Jelas sekarang yang diincer Olla adalah jawaban jujur Rena.

"Gue kesel," ungkap Rena. "Kenapa cuma gue yang jadi berantakan gini? Kuliah nggak fokus, sembunyi-sembunyi mulu biar nggak ketemu dia, diinterogasi sama geng gue. Sementara dia adem ayem seolah nggak terjadi apa-apa."

"Dan?"

"BANGSAT!" Rena nutup muka pake telapak tangan. "Gue panas kalau bayangin dia ngewe sama ceweknya. Puas lo?"

"Akhirnya." Olla nyender ke bantalan sofa. "Lo nggak rela?"

"Lebih ke bisa-bisanya dia nganggep ciuman itu seolah bukan apa-apa. Gue sumpahin kontolnya jadi croissant!"

Olla malah ketawa. "Bengkok dong."

"NGGAK USAH PORNO!"

"Lo udah omongin ini sama dia?" tanya Olla lagi.

"Gue udah cerita kan?" Rena ngernyit. "Joshua bilang anggap aja itu nggak pernah terjadi."

"Lo berharap apa kalau ngomong meledak-ledak gini ke dia?" Olla merespons santai. "Udah pasti dia bakal nganggap lo sepele."

Rena buang muka. "Dia nyebelin."

"Pernah mikir lo sendiri nyebelin apa nggak?" Olla jujur aja. "Lo sering deeptalk sama dia kan?"

Rena ngangguk. "Udah lama, tapi."

"Ajak dia ngobrol persis kayak lo deeptalk," saran Olla. "Jangan meledak-ledak di depan dia. Bicara yang jelas. Kasih tau perasaan lo yang sebenernya gimana."

"Jangan bilang lo ngedukung Hera," keluh Rena.

Olla ngegeleng. "Gue percaya apa yang lo rasain lebih dari sekadar lo kurang belaian atau demen sama Joshua."

"Thanks." Rena ngehela napas. "Jadi, saran lo gue ngomong lagi ke dia?"

"Turunin ego lo. Bicara baik-baik. Komunikasi yang bener." Olla bangun terus ngacak-ngacak rambut Rena. "Itu saran gue."

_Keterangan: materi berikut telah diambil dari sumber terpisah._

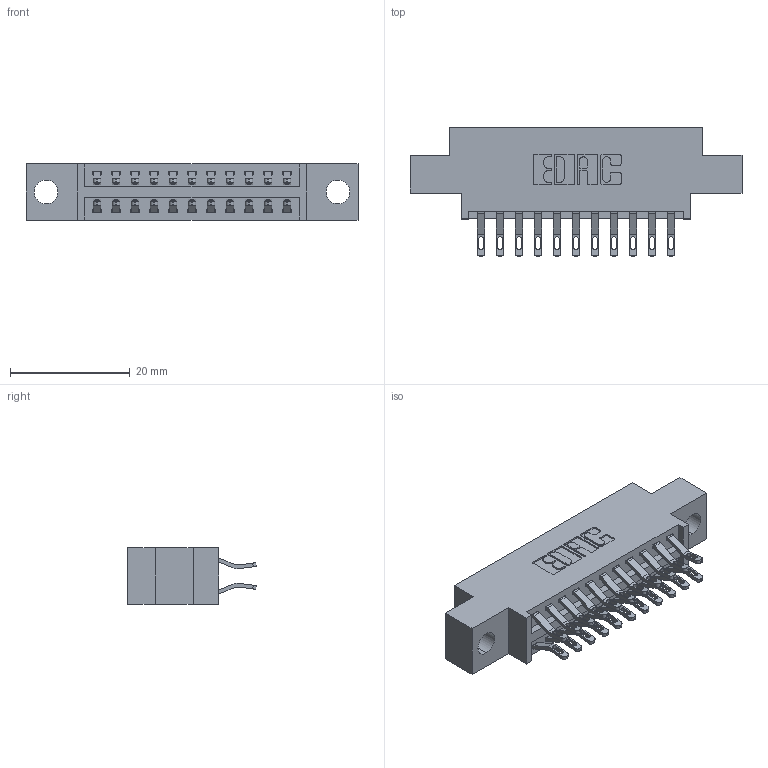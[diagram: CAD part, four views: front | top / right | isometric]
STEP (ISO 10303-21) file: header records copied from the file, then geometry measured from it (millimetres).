
FILE_DESCRIPTION (( 'STEP AP203' ), '1' );
FILE_NAME ('346-022-555-804.STEP', '2022-05-18T21:43:29', ( '' ), ( '' ), 'SwSTEP 2.0', 'SolidWorks 2020', '' );
FILE_SCHEMA (( 'CONFIG_CONTROL_DESIGN' ));
Length unit declared in the file: inch
Products named in the file (3): 345-292-001_555 Tail; 346 Part_0.170 Offset - 0.156 Dia-TH; 346-022-555-804
Assembly tree (23 placements, depth 2):
  346-022-555-804
    346 Part_0.170 Offset - 0.156 Dia-TH
    345-292-001_555 Tail  x22
Bounding box: 55.5 x 21.46 x 9.4 mm (x, y, z)
Volume: 4974.3 mm3; surface area: 6605.3 mm2
Topology: 23 solids, 23 shells, 1416 faces, 4403 edges, 2934 vertices
Faces by surface type: plane 820, cylinder 596
Entity records: 12229 total; most frequent: CARTESIAN_POINT 2100, ORIENTED_EDGE 2002, DIRECTION 1869, EDGE_CURVE 1001, VECTOR 805, LINE 805, VERTEX_POINT 666, AXIS2_PLACEMENT_3D 532

Rena nyemburin napas lewat bibir. "Gue nggak yakin."

"Lo cuma perlu yakin sama satu hal."

Rena ngedongak. Natap Olla buat nunggu jawaban

"Kalau lo terus-terusan gini, cepet atau lambat, lo bakal dihadapin sama pilihan yang lebih sulit."

".... maksudnya—"

"Kehilangan Joshua atau kejebak penyesalan."